Recorded data:
*** Block opens ***

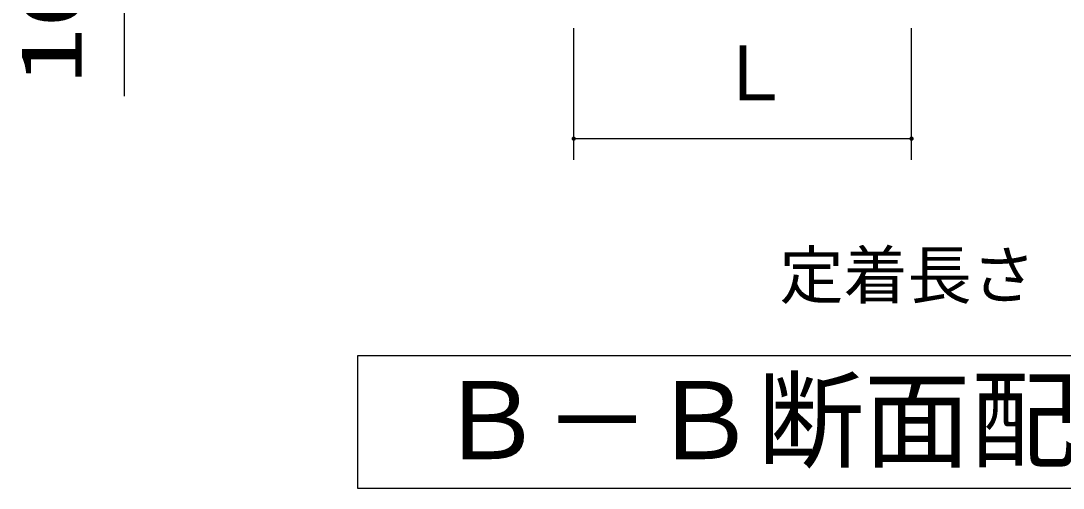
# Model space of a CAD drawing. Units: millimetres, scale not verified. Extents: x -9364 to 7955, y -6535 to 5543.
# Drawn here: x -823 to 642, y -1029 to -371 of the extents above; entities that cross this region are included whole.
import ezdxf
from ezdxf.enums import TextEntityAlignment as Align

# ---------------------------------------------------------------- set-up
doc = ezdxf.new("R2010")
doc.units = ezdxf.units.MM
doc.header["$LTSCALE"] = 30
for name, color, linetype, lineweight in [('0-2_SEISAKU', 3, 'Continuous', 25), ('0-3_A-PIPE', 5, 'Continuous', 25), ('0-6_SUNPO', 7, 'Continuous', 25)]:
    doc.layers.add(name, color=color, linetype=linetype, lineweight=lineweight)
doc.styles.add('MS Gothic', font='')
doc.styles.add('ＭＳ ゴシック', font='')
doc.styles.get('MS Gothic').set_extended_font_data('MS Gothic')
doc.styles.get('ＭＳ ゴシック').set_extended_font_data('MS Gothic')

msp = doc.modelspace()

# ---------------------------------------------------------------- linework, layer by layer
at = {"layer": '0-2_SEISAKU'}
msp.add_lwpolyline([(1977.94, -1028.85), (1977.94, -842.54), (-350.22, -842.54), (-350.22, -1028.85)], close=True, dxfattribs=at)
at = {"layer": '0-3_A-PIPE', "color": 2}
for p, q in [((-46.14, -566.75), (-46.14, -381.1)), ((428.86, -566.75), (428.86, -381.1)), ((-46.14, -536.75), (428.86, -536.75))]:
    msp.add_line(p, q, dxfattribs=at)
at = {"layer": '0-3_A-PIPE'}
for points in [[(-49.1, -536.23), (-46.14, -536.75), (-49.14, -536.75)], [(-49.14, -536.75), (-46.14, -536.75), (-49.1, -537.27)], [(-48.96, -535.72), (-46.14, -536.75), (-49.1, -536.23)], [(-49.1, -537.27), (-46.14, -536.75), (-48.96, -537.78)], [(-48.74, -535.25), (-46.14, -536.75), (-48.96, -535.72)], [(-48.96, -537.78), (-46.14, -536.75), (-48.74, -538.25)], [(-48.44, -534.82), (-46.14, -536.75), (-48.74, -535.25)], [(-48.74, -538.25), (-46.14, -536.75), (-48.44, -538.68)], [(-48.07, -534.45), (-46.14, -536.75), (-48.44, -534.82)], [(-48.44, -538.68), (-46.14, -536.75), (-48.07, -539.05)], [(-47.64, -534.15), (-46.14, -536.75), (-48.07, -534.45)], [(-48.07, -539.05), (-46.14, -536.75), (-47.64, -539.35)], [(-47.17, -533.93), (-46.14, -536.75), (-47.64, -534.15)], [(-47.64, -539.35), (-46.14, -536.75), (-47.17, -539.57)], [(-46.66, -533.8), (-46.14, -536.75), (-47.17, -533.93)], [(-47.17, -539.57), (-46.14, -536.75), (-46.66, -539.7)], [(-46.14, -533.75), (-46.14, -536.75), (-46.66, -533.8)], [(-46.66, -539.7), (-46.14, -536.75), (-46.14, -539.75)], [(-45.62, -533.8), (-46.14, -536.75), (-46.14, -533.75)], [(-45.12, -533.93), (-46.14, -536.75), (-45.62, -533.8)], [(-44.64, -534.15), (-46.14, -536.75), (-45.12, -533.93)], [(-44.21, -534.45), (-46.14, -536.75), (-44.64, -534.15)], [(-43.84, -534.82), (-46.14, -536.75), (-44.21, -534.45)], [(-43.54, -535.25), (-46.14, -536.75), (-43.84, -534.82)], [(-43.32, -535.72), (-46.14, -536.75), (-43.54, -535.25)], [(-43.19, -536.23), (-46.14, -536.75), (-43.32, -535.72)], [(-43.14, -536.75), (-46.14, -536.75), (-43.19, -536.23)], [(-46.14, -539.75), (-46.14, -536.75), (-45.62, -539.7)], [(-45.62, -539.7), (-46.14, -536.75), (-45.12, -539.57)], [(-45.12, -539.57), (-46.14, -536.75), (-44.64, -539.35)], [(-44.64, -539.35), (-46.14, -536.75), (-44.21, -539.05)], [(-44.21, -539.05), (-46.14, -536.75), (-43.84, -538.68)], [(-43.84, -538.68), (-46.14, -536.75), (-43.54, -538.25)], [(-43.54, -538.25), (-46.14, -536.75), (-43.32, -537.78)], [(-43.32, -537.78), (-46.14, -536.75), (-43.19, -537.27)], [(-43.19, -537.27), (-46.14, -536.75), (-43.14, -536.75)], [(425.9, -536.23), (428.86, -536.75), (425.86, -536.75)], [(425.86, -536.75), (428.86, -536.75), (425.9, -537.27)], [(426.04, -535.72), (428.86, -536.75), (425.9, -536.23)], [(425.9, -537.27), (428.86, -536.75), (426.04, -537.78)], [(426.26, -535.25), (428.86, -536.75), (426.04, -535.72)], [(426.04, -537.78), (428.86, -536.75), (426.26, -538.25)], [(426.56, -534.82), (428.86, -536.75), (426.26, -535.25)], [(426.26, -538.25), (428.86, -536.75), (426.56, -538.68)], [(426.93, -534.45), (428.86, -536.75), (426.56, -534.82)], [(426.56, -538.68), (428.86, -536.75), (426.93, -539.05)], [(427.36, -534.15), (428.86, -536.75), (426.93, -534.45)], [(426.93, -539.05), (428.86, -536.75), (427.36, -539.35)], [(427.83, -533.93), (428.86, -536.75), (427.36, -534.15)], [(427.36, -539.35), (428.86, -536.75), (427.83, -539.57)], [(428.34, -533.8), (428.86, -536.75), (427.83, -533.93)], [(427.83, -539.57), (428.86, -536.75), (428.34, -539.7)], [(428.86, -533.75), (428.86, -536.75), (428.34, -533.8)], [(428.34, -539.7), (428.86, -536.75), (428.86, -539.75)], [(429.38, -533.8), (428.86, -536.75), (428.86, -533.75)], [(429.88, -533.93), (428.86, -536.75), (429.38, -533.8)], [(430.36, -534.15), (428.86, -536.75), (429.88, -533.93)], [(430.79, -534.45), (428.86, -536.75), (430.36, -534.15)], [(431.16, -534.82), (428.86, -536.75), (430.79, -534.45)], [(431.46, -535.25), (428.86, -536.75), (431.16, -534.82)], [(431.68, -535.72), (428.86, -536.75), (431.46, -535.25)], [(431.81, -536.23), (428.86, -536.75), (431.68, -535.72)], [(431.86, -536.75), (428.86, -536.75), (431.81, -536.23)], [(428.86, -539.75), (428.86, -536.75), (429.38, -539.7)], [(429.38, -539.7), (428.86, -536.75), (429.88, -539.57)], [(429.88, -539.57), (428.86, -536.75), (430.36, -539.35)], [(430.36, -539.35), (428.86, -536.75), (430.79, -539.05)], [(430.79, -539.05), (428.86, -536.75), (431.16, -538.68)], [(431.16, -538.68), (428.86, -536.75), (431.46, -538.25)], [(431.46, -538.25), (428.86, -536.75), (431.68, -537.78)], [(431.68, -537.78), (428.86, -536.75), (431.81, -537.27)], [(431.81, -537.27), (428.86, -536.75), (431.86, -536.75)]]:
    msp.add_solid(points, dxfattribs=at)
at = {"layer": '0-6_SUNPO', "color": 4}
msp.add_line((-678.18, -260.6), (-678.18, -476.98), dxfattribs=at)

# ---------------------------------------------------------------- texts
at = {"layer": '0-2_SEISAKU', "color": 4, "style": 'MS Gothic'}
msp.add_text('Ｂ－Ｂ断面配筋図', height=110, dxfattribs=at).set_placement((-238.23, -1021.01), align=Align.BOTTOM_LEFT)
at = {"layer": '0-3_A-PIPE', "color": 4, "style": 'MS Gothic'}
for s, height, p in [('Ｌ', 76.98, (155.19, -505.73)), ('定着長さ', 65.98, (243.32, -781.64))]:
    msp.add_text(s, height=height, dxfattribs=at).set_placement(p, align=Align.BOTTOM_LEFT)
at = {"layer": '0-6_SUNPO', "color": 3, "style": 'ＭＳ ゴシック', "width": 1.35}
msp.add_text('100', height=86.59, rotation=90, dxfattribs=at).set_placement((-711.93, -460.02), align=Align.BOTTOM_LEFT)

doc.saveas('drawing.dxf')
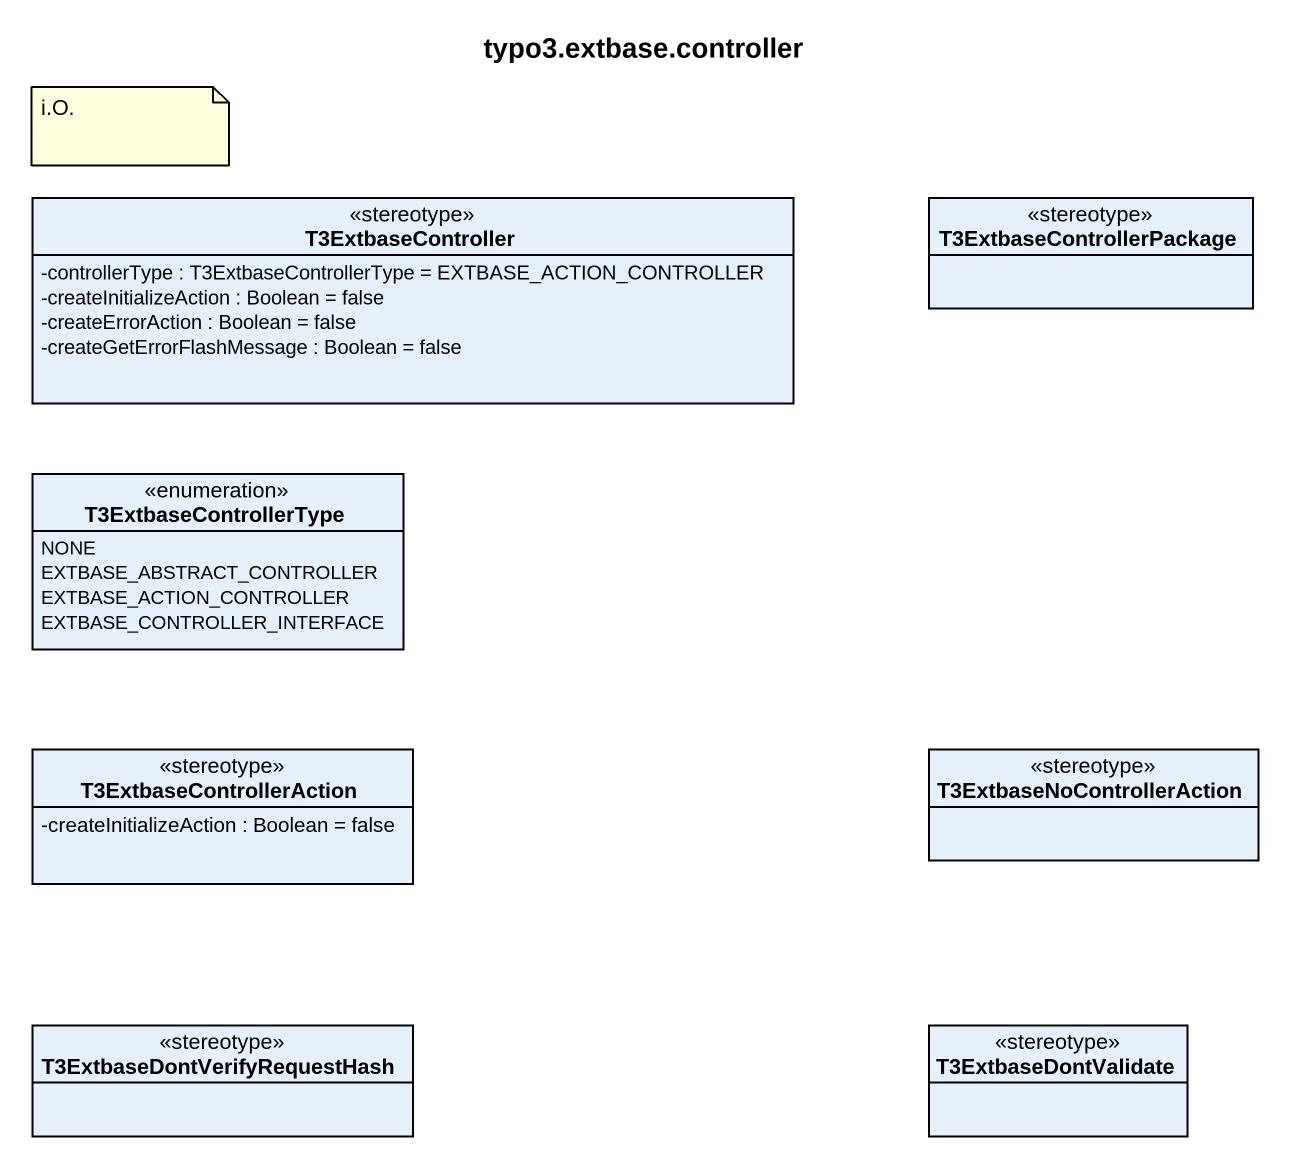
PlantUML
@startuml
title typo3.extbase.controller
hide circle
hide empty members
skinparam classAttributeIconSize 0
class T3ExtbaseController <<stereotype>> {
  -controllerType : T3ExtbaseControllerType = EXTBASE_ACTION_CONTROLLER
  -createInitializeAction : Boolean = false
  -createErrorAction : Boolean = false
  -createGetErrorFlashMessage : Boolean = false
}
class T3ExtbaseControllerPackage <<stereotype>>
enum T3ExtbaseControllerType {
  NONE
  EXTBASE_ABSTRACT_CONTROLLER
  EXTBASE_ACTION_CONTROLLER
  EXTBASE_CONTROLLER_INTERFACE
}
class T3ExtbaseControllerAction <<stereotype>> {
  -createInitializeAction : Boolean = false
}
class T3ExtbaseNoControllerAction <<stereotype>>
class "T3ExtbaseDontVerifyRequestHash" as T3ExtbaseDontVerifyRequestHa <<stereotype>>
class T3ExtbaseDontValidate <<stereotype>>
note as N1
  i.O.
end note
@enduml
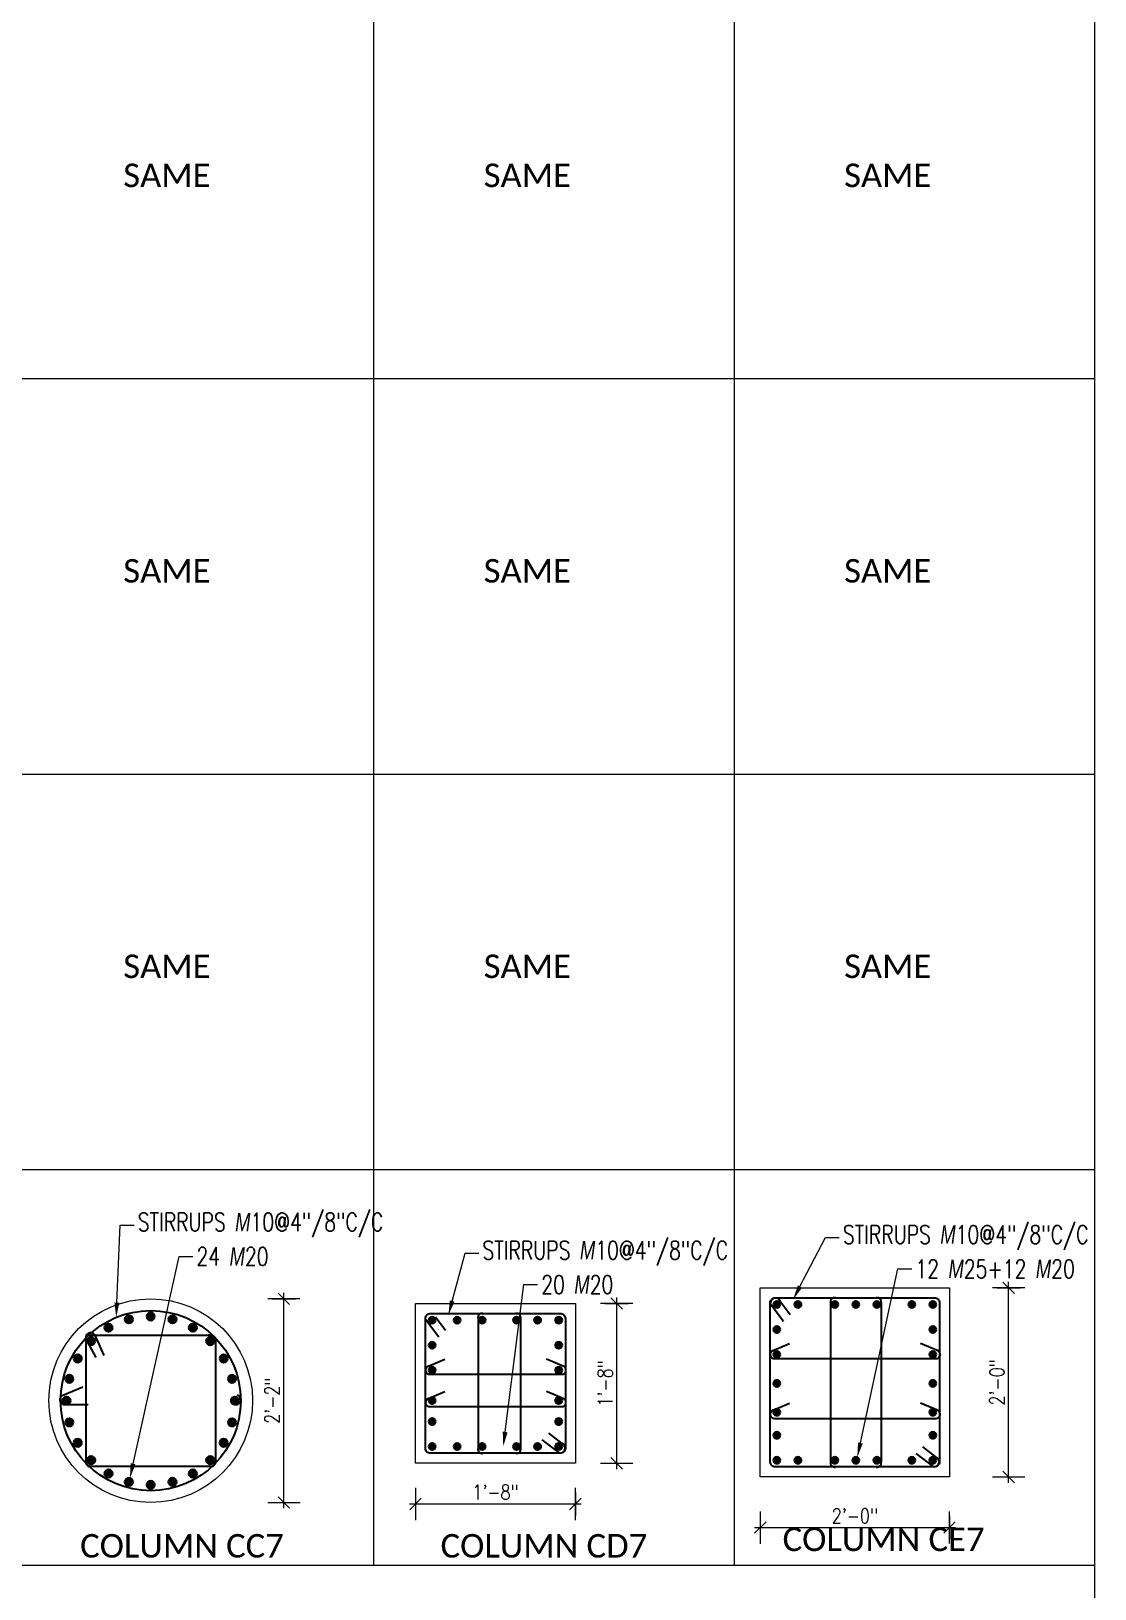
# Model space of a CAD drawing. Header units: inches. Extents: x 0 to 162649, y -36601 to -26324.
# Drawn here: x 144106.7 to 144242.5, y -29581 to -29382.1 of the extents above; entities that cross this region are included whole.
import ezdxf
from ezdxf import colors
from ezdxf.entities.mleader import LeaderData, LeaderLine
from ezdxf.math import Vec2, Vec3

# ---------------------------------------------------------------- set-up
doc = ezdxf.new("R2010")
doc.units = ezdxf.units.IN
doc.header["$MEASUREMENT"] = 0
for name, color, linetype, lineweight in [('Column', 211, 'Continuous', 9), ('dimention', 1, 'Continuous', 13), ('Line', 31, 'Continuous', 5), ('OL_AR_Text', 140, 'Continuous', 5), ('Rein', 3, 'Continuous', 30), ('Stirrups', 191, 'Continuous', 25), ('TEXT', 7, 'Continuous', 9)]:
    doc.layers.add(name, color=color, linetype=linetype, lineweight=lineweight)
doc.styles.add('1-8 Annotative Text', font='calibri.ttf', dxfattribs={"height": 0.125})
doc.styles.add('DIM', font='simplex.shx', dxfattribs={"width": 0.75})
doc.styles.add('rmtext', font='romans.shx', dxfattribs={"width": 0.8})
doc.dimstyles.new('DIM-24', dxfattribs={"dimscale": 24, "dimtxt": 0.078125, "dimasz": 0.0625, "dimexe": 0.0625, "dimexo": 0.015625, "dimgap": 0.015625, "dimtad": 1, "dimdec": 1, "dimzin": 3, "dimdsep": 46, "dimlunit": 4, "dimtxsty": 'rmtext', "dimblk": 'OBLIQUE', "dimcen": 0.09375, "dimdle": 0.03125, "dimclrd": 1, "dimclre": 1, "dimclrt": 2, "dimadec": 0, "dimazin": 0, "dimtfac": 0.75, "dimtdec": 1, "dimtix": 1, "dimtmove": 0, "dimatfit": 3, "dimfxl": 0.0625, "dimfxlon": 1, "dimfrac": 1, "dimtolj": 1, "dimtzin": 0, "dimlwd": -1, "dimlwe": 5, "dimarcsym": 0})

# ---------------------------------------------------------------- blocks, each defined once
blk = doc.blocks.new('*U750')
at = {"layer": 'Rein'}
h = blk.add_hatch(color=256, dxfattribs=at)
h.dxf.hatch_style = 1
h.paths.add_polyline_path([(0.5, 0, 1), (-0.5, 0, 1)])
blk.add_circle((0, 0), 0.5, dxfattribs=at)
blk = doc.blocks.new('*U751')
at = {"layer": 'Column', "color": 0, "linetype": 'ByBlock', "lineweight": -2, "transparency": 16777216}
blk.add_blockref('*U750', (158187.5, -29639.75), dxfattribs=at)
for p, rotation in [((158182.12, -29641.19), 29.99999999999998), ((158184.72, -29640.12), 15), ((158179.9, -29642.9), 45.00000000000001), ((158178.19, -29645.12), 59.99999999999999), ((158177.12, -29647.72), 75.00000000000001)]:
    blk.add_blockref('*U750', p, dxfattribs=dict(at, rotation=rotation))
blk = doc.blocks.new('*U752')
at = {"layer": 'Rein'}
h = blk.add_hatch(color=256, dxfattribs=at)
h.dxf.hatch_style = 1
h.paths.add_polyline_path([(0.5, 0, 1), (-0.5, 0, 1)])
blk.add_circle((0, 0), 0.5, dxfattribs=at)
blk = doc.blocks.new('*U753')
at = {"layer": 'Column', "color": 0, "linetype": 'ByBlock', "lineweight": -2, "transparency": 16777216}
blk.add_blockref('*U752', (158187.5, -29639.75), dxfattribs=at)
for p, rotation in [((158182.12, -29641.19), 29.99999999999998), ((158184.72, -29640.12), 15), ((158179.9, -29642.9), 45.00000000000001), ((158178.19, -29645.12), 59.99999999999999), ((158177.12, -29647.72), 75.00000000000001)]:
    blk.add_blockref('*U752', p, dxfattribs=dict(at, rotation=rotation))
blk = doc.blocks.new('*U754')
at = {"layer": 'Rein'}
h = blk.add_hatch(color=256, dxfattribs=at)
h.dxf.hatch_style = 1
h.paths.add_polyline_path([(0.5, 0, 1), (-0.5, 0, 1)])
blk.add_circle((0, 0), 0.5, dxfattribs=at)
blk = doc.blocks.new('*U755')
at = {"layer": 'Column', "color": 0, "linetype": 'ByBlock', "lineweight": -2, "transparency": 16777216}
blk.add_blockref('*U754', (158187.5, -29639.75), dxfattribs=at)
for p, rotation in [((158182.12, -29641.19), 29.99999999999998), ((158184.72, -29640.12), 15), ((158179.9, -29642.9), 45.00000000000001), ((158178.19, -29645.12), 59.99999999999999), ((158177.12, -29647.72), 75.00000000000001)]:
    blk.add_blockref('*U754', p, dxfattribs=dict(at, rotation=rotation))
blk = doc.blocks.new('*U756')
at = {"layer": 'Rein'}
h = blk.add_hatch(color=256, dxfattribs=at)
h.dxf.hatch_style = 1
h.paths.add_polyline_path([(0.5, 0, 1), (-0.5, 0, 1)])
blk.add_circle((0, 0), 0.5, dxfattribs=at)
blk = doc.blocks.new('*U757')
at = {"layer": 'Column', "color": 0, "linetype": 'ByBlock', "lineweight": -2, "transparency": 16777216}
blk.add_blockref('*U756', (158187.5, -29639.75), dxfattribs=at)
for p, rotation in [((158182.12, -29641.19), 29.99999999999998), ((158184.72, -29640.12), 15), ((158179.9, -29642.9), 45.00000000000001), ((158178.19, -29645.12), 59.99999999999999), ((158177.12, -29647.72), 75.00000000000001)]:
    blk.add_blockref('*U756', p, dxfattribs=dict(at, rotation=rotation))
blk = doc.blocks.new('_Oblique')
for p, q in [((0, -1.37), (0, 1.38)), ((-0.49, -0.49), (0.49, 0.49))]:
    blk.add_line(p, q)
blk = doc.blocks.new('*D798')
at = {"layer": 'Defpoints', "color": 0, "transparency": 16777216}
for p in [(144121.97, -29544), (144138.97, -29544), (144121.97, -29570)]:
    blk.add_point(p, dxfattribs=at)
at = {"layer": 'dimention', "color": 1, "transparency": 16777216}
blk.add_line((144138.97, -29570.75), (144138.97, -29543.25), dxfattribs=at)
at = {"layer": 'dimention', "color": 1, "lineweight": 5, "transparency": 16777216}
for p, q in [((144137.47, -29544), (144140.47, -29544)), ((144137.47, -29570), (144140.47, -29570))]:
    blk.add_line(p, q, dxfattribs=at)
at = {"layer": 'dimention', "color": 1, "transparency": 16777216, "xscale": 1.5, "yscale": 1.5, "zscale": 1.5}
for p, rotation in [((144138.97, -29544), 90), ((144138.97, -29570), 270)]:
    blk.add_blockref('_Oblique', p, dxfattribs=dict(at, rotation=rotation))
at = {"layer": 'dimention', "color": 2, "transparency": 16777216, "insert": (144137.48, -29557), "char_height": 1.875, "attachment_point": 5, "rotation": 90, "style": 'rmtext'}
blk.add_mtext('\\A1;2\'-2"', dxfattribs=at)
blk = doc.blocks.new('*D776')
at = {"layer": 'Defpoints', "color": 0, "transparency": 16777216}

*** Block closes ***

◆ **Task brief**
Go through the data above and copy each line in which "Boolean" appears.

◆ **Output for this exercise**
  -createInitializeAction : Boolean = false
  -createErrorAction : Boolean = false
  -createGetErrorFlashMessage : Boolean = false
  -createInitializeAction : Boolean = false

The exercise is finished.